*** Block opens ***
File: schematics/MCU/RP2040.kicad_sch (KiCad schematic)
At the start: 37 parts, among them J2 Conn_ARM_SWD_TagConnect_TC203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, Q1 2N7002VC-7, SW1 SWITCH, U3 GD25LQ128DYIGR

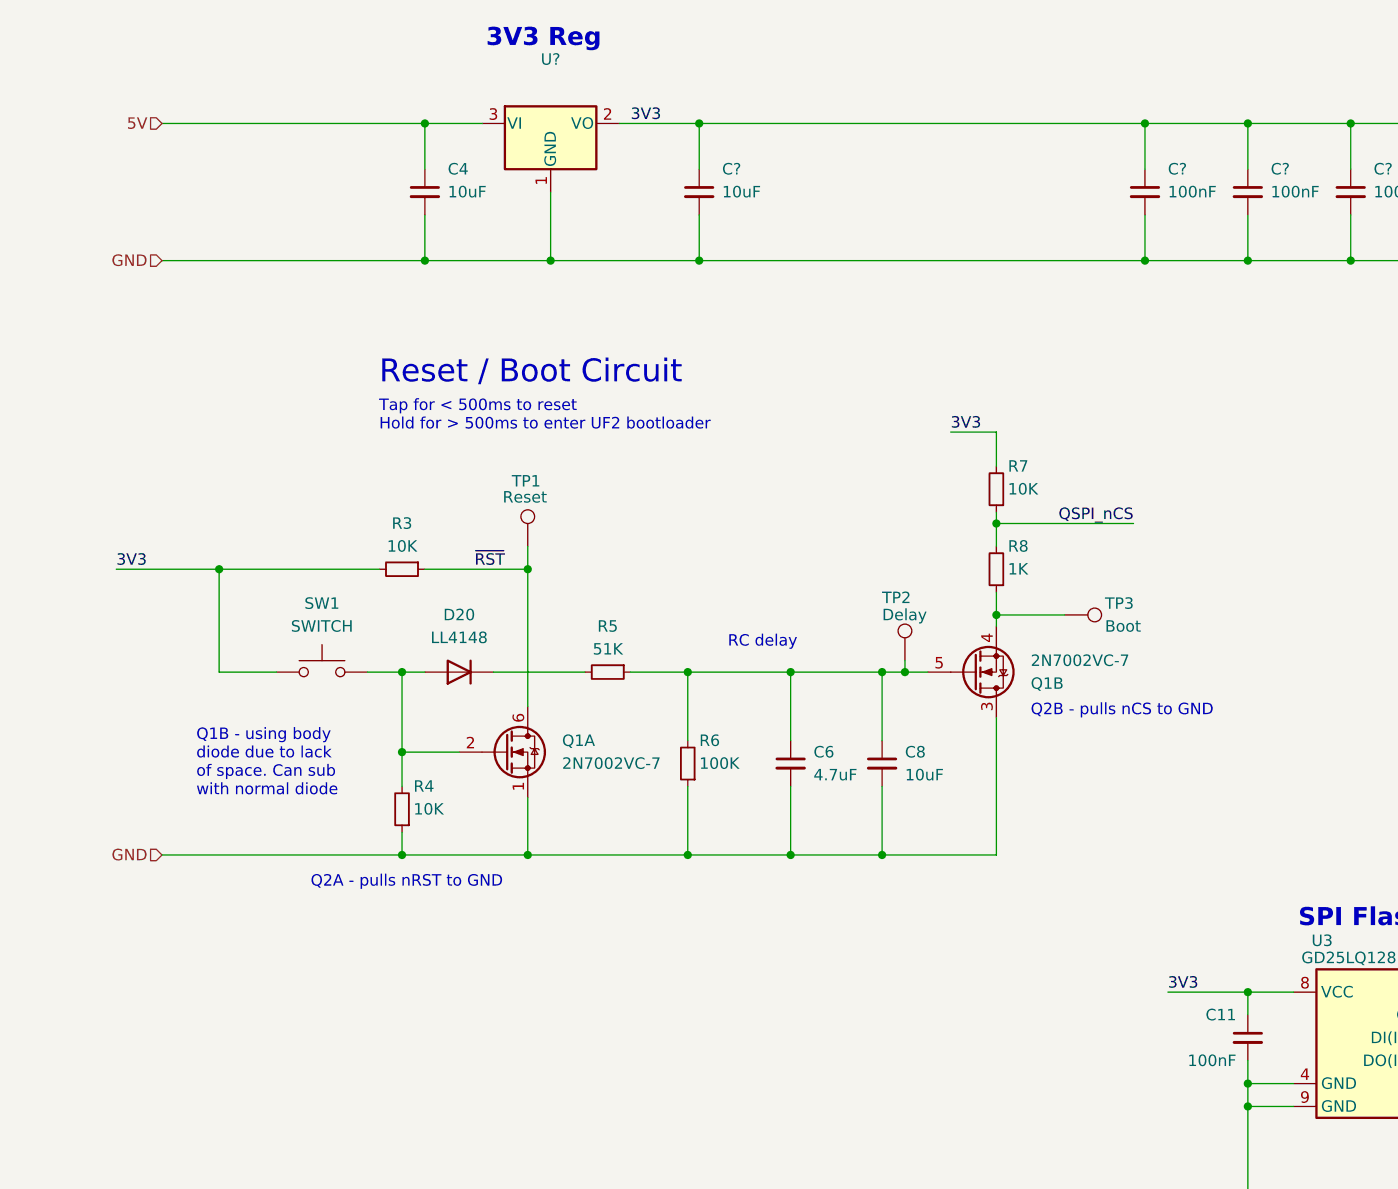
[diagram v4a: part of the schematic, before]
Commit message: copy used footprints into lib, link 3D models
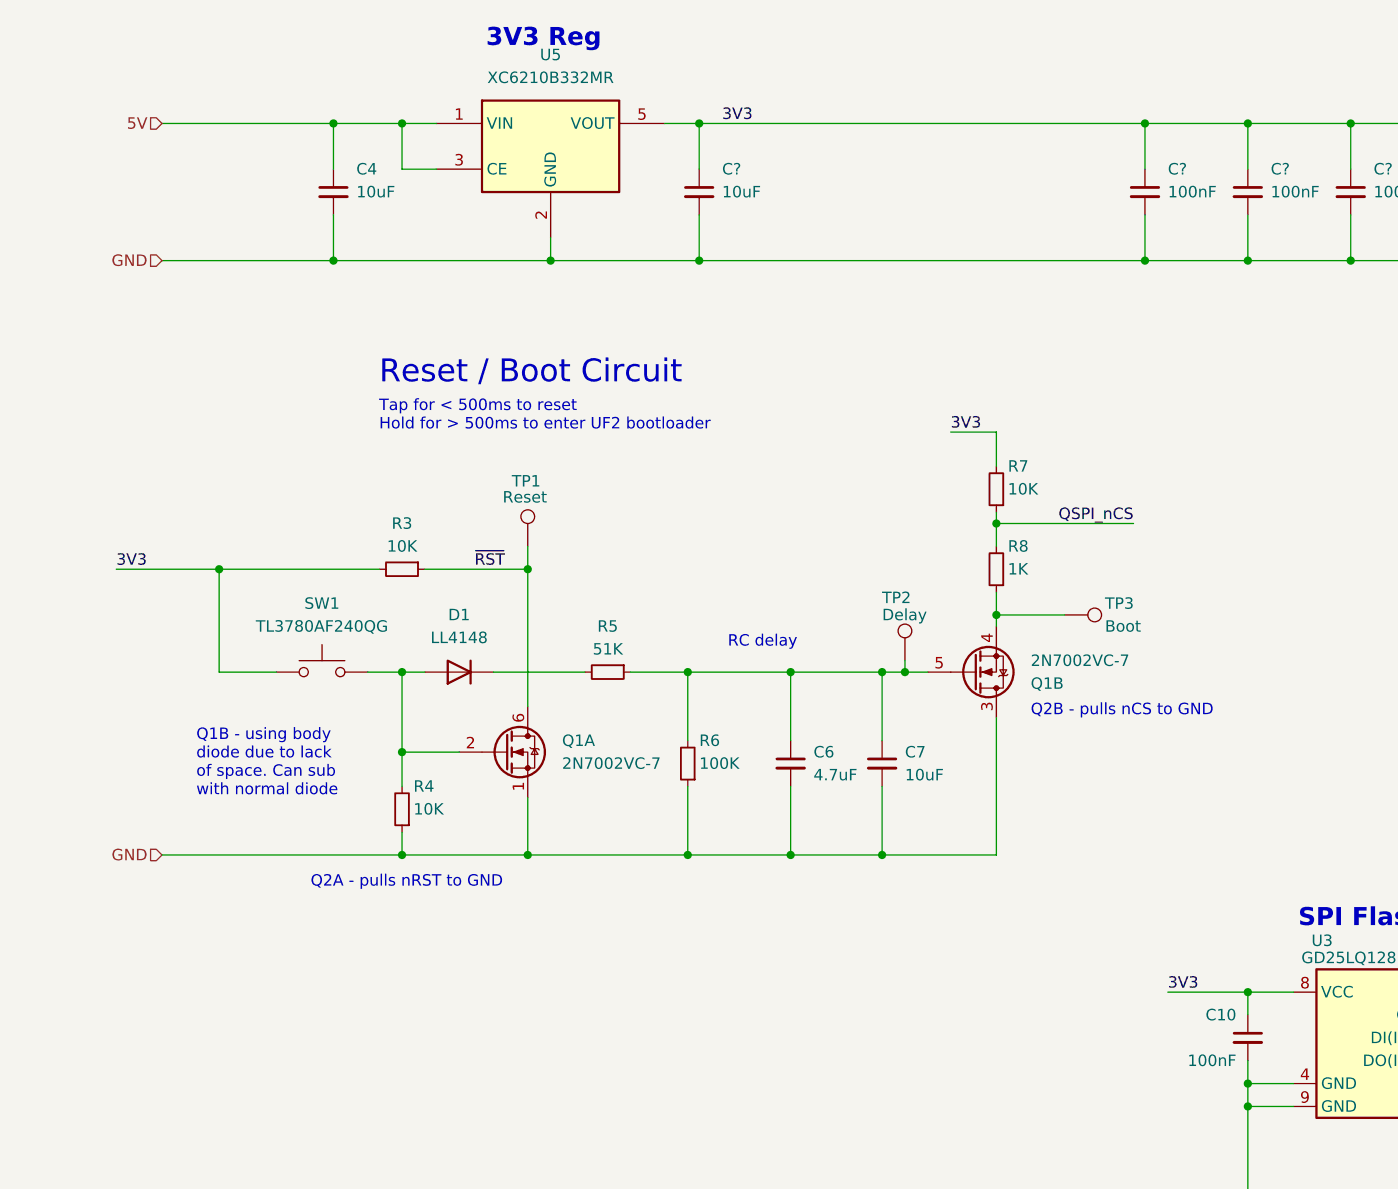
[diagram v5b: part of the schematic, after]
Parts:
- removed U?: XC6206PxxxMR-Regulator_Linear, Package_TO_SOT_SMD:SOT-23, symbol kicad-keyboard-parts:XC6206PxxxMR-Regulator_Linear
- added U5: XC6210B332MR, Package_TO_SOT_SMD:SOT-23-5, symbol Regulator_Linear:XC6210B332MR
- SW1: value SWITCH -> TL3780AF240QG; footprint (none) -> Mad_Footprints:SW_TL3780AF240QG; MPN (none) -> TL3780AF240QG; Manufacturer (none) -> E-Switch; Price (none) -> $0.41; Rating (none) -> SWITCH TACTILE SPST-NO 0.05A 12V; Supplier (none) -> Digikey; Supplier PN (none) -> EG5393CT-ND
- renumbered C11 to C10, C8 to C7, D20 to D1
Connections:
- net 5V: now also U5.1 (VIN), U5.3 (CE)
- net GND: now also U5.2 (GND)
- net IOVDD: now also U5.5 (VOUT)
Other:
- moved on the sheet: C4

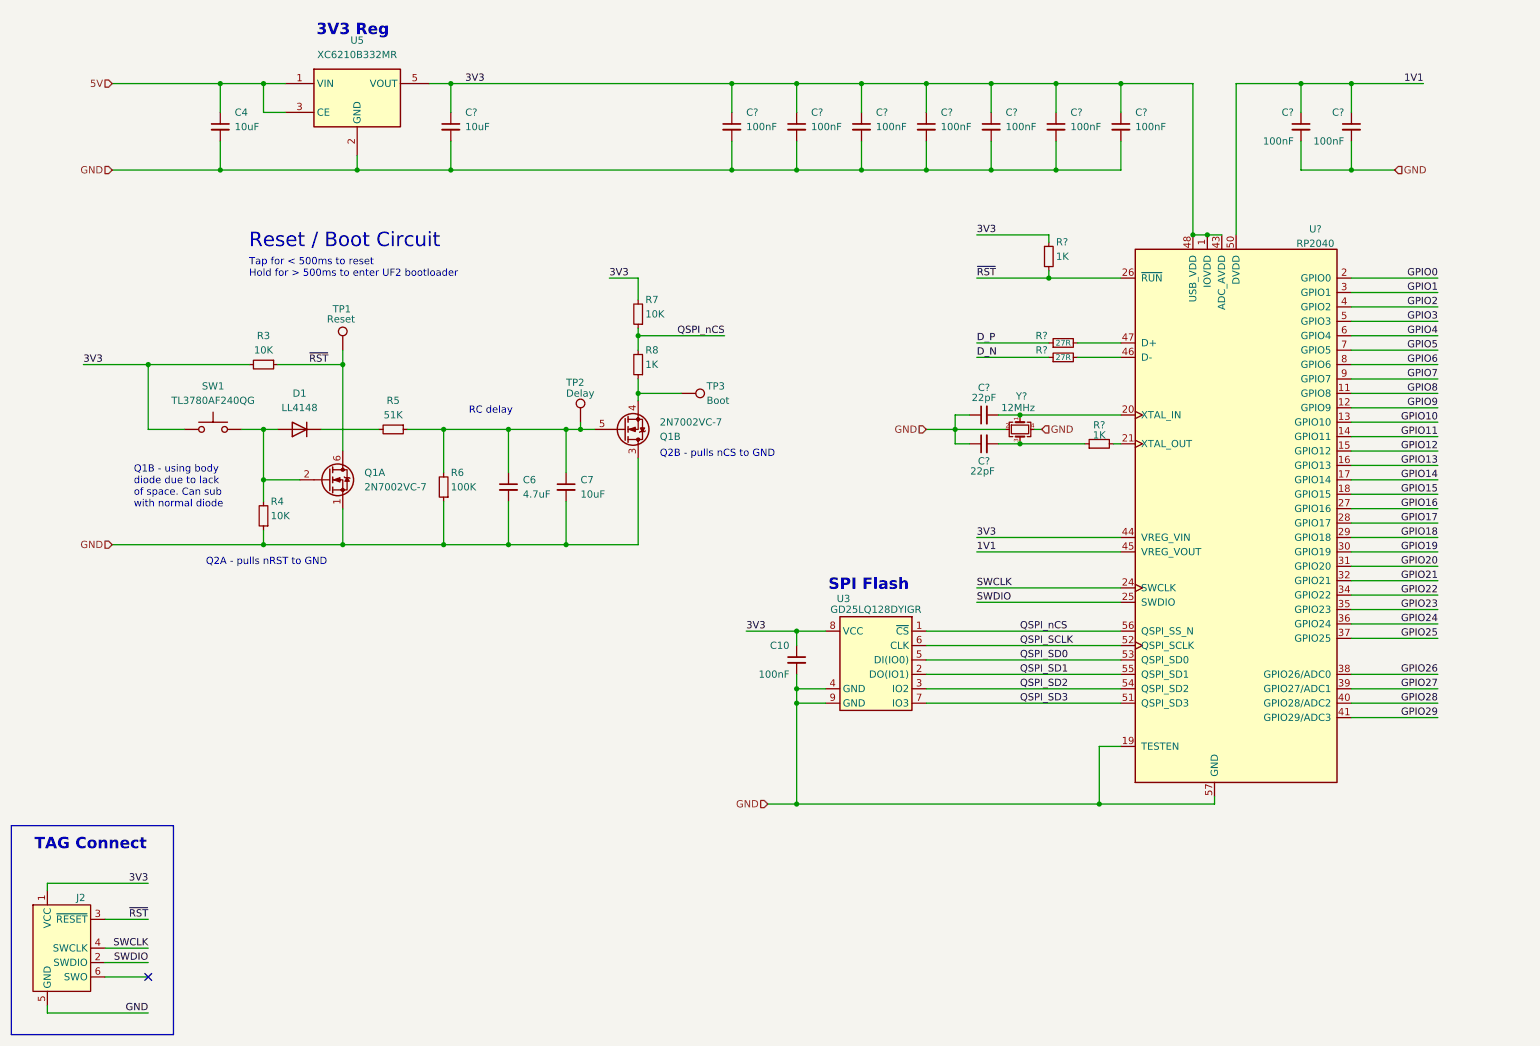
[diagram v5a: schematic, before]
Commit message: Update RP2040, rename bom only footprint, add mechanical footprint
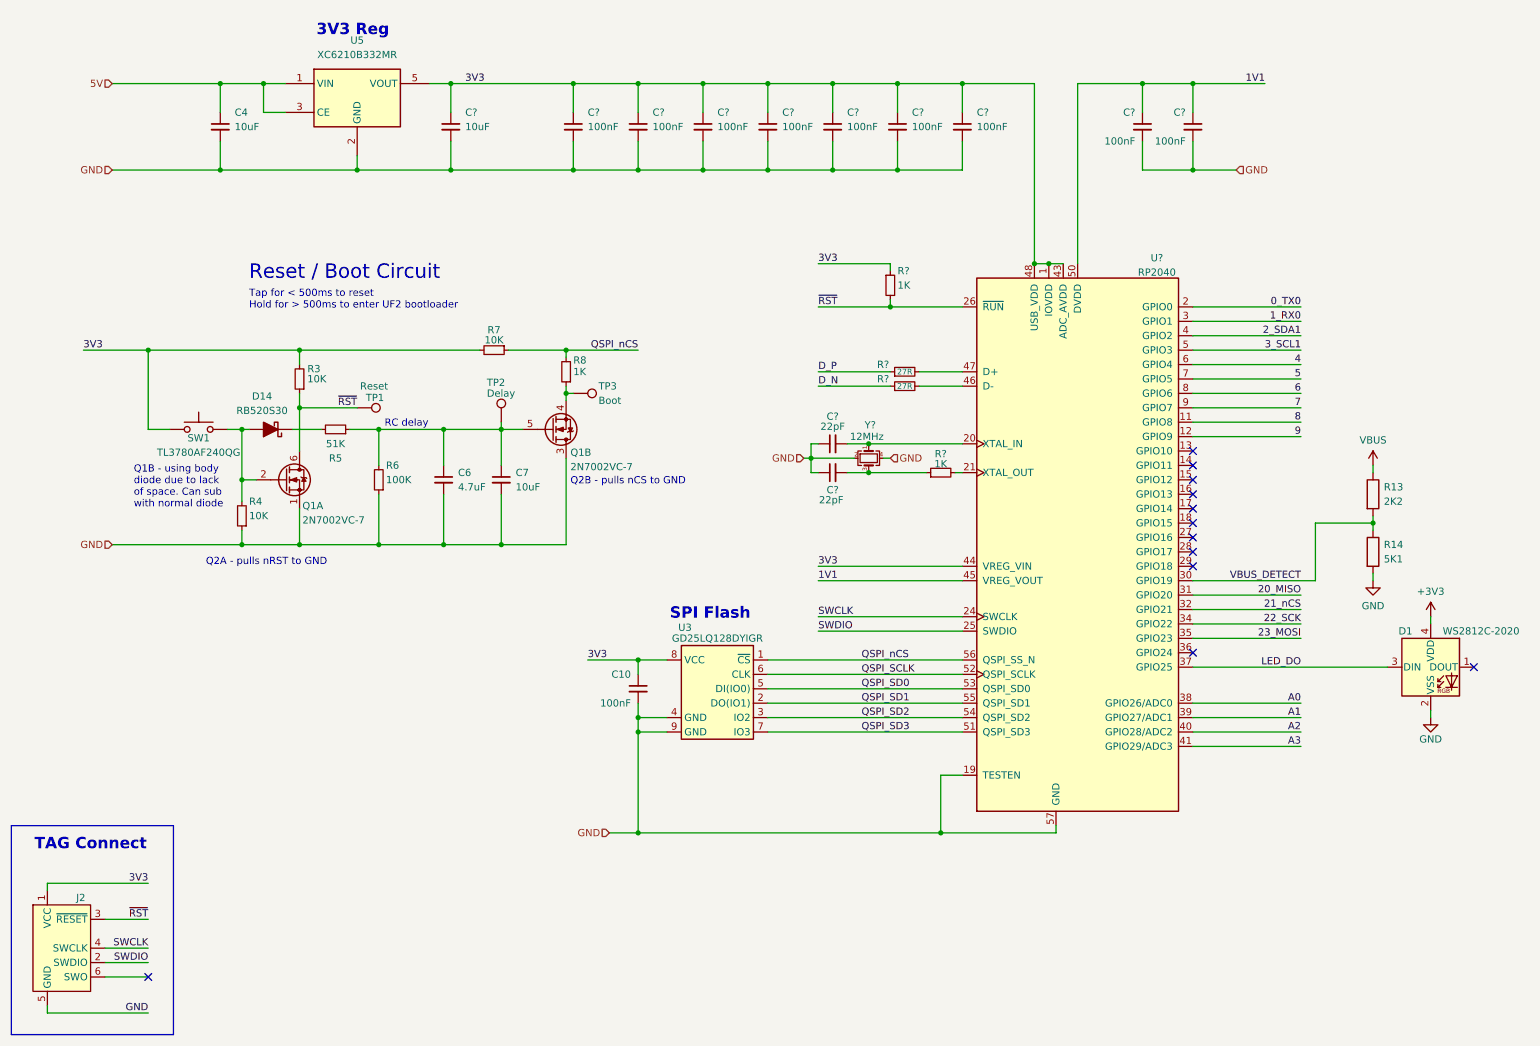
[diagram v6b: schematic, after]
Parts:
- removed D1: LL4148, Diode_SMD:D_MiniMELF, symbol Diode:LL4148
- added D1: WS2812C-2020, LED_SMD:LED_WS2812B-2020_PLCC4_2.0x2.0mm, symbol LED:WS2812B-2020
- added D14: RB520S30, Diode_SMD:D_SOD-523, symbol PCM_Diode_Schottky_AKL:RB520S30
- added R13: 2K2, Resistor_SMD:R_0402_1005Metric, symbol Device:R
- added R14: 5K1, Resistor_SMD:R_0402_1005Metric, symbol Device:R
- U3: symbol josh-memory:W25Q128JVSIQ -> Mad_Symbols:W25Q128JVSIQ
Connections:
- net GND: now also D1.2 (VSS), R14.2
- net at Q1.2 (G), R4.2, SW1.1: now also D14.2 (A)
- net at R5.2: now also D14.1 (K)
- net GPIO0 renamed 0_TX0
- net GPIO1 renamed 1_RX0
- net GPIO10: no longer names the net of U?.13 (GPIO10)
- net GPIO11: no longer names the net of U?.14 (GPIO11)
- net GPIO12: no longer names the net of U?.15 (GPIO12)
- net GPIO13: no longer names the net of U?.16 (GPIO13)
- net GPIO14: no longer names the net of U?.17 (GPIO14)
- net GPIO15: no longer names the net of U?.18 (GPIO15)
- net GPIO16: no longer names the net of U?.27 (GPIO16)
- net GPIO17: no longer names the net of U?.28 (GPIO17)
- net GPIO18: no longer names the net of U?.29 (GPIO18)
- net GPIO19 renamed VBUS_DETECT
- net VBUS_DETECT: now also R13.2, R14.1
- net GPIO2 renamed 2_SDA1
- net GPIO20 renamed 20_MISO
- net GPIO21 renamed 21_nCS
- net GPIO22 renamed 22_SCK
- net GPIO23 renamed 23_MOSI
- net GPIO24: no longer names the net of U?.36 (GPIO24)
- net GPIO25 renamed LED_DO
- net LED_DO: now also D1.3 (DIN)
- net GPIO26 renamed A0
- net GPIO27 renamed A1
- net GPIO28 renamed A2
- net GPIO29 renamed A3
- net GPIO3 renamed 3_SCL1
- net GPIO4 renamed 4
- net GPIO5 renamed 5
- net GPIO6 renamed 6
- net GPIO7 renamed 7
- net GPIO8 renamed 8
- net GPIO9 renamed 9
- new net +3V3: D1.4 (VDD)
- new net VBUS: R13.1
- no-connect marks 1 -> 12
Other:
- moved on the sheet: C10, C6, C7, C?, Q1A, Q1B, R3, R4, R5, R6, R7, R8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

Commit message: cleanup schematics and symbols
*** Block closes ***
**Exercise directions**
Give the exact lines, and only those, from the line containing "- net GPIO12: no" through the line containing "- net GPIO17: no" in the entries above.

**Solution to this task**
- net GPIO12: no longer names the net of U?.15 (GPIO12)
- net GPIO13: no longer names the net of U?.16 (GPIO13)
- net GPIO14: no longer names the net of U?.17 (GPIO14)
- net GPIO15: no longer names the net of U?.18 (GPIO15)
- net GPIO16: no longer names the net of U?.27 (GPIO16)
- net GPIO17: no longer names the net of U?.28 (GPIO17)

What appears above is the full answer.